### [Records supplied]

== Segment start ==

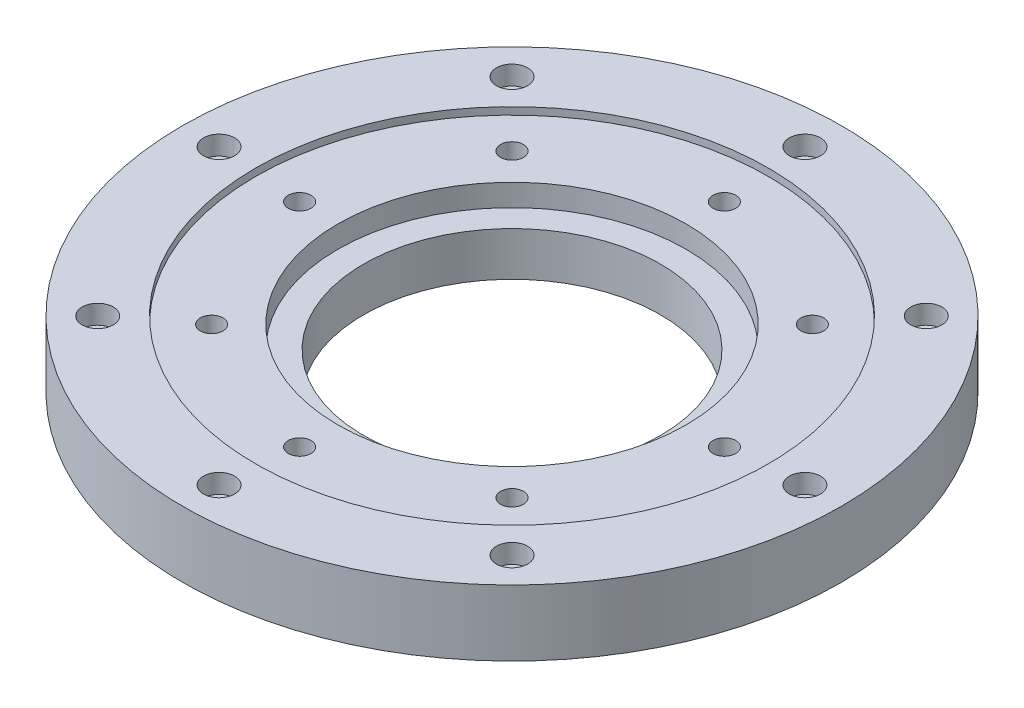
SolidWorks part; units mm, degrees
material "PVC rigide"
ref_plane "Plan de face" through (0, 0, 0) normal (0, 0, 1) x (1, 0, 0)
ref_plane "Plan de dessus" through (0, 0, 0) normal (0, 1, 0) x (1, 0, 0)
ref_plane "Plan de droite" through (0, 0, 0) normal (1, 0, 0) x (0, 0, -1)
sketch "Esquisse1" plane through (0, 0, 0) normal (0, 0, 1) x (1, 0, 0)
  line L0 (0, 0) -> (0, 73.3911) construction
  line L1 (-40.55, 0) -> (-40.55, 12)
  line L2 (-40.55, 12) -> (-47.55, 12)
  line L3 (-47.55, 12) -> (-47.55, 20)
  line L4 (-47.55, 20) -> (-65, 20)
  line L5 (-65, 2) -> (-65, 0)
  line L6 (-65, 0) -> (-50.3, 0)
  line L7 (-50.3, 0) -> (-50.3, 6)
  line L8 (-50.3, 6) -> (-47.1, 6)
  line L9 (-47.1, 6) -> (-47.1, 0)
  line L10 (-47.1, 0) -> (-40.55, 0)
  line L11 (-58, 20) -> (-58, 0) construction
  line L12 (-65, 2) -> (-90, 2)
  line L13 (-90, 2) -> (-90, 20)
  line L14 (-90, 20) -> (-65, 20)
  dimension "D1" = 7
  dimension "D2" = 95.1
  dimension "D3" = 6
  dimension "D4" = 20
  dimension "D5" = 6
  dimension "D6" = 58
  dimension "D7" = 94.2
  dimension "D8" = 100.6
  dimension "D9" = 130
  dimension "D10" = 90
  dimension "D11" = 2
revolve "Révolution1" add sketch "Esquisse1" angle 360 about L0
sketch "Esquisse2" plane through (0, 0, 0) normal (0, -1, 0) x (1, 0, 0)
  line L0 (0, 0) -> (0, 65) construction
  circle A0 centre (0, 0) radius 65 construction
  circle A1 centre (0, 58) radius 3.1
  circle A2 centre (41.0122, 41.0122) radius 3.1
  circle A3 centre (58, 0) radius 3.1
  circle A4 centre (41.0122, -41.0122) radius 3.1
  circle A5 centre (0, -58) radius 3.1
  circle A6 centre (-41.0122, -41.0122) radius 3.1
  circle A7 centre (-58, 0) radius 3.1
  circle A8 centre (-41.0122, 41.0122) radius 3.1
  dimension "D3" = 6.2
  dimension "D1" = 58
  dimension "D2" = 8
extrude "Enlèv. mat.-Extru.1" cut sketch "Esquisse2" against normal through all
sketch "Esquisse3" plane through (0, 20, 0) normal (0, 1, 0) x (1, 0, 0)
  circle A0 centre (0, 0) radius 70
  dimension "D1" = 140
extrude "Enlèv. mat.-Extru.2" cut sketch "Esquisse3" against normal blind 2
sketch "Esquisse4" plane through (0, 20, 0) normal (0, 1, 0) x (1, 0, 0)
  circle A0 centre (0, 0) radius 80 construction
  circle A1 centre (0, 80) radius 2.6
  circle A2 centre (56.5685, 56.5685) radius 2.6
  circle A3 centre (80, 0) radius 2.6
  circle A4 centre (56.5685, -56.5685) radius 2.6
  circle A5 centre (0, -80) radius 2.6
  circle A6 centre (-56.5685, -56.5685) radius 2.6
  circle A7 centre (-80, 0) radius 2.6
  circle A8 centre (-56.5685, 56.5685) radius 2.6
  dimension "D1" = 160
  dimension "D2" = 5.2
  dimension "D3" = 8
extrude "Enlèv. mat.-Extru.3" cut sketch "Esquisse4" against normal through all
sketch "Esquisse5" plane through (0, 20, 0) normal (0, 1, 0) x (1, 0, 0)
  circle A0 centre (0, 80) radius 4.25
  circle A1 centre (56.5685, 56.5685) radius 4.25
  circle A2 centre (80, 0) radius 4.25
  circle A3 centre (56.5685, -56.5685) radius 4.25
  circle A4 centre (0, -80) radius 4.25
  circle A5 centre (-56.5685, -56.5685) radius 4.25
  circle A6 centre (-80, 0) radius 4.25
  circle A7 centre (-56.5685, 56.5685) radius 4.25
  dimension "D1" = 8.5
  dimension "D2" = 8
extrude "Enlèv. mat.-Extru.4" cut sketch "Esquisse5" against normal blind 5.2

== Segment end ==

### [Task description]
Search the data for the string "blind" and copy every line where it appears.

### [Solution]
extrude "Enlèv. mat.-Extru.2" cut sketch "Esquisse3" against normal blind 2
extrude "Enlèv. mat.-Extru.4" cut sketch "Esquisse5" against normal blind 5.2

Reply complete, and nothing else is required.